Assignment. Search the listing below for the word "forums" and return each line that contains it.

┌──

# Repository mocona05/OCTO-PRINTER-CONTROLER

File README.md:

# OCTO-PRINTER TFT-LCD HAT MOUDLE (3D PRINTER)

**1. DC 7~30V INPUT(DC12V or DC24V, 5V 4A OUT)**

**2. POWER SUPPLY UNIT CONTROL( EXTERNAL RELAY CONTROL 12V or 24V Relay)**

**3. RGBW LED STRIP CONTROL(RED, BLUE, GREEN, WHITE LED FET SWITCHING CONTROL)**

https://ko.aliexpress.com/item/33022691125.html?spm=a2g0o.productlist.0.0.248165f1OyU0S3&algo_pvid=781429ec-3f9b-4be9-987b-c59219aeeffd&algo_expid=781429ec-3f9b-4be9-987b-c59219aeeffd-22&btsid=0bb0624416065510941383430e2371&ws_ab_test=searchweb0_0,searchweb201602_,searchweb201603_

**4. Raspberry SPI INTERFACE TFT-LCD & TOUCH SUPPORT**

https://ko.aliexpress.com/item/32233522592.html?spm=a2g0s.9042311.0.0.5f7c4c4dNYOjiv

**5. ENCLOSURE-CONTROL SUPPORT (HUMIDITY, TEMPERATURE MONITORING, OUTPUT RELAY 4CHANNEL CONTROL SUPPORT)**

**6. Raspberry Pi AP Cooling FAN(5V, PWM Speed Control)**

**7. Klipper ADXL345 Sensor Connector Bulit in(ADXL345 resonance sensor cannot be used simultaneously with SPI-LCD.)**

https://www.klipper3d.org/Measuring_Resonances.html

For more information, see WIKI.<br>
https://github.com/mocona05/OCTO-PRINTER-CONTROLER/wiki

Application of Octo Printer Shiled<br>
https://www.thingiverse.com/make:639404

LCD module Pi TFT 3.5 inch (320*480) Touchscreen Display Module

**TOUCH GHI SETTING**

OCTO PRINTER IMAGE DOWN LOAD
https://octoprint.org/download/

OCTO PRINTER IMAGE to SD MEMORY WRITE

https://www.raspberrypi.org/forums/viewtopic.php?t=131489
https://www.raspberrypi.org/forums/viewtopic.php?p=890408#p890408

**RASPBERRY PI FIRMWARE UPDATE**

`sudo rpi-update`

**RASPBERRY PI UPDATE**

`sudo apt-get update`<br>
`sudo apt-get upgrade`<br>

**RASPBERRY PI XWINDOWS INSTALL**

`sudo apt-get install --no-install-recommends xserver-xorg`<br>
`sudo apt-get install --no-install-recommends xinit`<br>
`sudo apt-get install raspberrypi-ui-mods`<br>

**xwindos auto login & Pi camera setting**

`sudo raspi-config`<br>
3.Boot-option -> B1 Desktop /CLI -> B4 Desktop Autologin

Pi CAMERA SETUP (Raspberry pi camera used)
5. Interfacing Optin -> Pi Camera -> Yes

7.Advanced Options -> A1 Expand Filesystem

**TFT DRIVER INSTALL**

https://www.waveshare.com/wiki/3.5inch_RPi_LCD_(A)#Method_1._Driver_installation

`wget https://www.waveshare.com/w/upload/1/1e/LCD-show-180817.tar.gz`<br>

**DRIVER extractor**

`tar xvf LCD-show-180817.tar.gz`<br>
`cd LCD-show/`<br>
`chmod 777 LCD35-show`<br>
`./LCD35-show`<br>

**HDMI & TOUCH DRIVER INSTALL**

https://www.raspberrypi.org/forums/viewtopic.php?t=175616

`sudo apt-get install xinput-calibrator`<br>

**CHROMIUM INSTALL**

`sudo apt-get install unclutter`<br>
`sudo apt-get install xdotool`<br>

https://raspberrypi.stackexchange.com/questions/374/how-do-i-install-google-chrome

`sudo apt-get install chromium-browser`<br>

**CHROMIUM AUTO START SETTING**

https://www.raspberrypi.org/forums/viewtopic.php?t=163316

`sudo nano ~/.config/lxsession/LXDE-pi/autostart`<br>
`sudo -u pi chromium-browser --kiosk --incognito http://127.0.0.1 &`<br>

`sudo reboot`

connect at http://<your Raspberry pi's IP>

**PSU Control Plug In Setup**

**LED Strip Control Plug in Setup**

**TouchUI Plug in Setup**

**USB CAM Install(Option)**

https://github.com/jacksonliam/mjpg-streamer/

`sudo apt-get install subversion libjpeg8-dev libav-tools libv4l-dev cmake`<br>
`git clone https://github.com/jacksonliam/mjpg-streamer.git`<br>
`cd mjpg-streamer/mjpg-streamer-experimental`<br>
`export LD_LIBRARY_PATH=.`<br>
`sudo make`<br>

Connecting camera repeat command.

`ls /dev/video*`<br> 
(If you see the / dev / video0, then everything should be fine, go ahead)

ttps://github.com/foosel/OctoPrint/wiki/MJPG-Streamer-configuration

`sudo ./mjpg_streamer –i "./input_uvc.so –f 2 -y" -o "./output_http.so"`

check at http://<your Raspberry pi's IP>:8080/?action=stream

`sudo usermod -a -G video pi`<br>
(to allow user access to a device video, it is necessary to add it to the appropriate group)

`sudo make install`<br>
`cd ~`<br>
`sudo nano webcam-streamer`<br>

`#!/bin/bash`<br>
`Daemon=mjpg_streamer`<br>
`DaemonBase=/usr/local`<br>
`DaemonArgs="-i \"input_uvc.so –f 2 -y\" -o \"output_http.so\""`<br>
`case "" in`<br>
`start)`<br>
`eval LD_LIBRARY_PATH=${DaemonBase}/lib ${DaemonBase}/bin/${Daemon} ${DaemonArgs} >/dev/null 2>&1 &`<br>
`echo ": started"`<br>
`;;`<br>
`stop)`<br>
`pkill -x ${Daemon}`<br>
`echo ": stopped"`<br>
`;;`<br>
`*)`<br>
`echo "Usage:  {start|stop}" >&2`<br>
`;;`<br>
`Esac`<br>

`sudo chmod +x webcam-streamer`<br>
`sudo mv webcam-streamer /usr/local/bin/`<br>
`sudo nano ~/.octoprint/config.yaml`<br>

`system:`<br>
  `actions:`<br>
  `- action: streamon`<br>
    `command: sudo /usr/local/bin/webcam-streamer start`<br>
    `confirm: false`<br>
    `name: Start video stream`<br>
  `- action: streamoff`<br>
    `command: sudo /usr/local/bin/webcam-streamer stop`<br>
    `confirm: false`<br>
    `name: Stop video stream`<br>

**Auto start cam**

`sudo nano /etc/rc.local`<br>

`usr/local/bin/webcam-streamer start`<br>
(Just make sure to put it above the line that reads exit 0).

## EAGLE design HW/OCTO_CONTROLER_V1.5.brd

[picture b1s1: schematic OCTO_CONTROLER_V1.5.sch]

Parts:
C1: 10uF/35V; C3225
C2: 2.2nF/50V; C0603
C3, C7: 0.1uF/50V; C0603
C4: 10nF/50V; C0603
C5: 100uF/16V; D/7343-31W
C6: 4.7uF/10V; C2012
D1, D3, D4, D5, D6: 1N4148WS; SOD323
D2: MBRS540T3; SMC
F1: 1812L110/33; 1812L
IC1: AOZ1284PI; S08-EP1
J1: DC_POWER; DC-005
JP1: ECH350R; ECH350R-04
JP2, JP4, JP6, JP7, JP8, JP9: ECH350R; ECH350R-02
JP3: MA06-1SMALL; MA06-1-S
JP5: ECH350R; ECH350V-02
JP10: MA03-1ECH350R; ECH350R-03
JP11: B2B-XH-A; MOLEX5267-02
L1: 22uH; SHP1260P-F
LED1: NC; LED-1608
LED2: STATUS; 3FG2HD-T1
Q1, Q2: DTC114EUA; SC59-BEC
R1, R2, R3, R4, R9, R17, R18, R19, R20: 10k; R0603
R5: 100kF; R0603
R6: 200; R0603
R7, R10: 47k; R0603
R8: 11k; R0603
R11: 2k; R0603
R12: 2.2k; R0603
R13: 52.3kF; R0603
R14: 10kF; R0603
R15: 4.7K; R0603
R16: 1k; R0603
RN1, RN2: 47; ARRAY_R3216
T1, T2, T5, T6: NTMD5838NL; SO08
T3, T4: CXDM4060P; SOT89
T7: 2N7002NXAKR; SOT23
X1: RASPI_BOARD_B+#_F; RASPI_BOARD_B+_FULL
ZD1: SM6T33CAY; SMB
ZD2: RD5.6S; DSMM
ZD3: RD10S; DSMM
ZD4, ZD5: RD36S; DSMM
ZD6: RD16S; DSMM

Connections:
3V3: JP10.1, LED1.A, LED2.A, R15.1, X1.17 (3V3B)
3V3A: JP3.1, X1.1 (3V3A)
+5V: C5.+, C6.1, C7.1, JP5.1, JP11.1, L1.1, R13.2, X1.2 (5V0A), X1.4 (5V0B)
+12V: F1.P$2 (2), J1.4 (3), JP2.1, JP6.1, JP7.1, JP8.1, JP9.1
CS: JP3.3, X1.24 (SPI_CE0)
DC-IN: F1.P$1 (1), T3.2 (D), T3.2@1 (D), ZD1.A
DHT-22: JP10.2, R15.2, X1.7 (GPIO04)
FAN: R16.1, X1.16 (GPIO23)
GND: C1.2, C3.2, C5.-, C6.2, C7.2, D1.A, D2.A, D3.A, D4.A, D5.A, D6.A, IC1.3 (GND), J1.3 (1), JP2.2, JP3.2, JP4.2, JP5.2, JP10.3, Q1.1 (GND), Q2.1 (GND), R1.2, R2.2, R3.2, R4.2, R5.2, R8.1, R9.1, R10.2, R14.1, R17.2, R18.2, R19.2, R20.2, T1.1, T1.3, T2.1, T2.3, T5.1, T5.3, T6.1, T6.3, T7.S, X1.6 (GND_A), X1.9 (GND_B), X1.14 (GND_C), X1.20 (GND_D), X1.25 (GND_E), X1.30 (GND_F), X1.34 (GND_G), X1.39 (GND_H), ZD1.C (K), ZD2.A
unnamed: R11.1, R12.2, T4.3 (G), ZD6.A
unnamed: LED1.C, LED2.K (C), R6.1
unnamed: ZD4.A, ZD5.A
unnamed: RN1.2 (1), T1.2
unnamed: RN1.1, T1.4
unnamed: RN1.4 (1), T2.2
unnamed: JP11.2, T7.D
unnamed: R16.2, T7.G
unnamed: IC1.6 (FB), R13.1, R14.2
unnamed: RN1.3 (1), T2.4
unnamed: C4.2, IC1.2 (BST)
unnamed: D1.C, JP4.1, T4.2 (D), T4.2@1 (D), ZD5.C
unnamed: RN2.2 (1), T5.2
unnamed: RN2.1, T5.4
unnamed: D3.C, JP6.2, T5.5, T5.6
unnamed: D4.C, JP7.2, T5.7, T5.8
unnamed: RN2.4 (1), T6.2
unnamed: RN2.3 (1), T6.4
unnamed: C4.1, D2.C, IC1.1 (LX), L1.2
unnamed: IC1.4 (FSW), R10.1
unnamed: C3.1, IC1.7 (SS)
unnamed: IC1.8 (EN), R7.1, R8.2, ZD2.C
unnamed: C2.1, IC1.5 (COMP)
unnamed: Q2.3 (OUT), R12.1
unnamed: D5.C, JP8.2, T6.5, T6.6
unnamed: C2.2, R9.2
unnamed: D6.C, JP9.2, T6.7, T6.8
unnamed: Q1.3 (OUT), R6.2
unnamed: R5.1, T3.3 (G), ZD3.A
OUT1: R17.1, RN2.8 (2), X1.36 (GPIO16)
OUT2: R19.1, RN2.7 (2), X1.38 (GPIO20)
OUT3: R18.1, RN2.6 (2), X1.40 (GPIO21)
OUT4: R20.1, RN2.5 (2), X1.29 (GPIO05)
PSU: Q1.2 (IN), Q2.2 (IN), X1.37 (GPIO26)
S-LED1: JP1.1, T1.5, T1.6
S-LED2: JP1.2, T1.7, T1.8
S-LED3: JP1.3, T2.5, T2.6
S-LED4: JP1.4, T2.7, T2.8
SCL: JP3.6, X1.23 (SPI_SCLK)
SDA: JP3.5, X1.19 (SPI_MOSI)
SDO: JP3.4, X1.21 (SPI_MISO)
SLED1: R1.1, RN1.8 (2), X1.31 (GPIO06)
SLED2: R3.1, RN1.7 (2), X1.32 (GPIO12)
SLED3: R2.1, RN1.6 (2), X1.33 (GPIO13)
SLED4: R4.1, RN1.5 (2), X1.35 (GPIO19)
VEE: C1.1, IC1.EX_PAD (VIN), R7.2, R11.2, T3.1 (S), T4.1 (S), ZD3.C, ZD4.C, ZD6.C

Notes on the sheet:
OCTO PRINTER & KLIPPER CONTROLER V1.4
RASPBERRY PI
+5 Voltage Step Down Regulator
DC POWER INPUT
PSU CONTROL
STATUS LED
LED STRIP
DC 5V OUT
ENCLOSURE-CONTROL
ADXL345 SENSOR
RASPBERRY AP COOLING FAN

└──

Response.
https://www.raspberrypi.org/forums/viewtopic.php?t=131489
https://www.raspberrypi.org/forums/viewtopic.php?p=890408#p890408
https://www.raspberrypi.org/forums/viewtopic.php?t=175616
https://www.raspberrypi.org/forums/viewtopic.php?t=163316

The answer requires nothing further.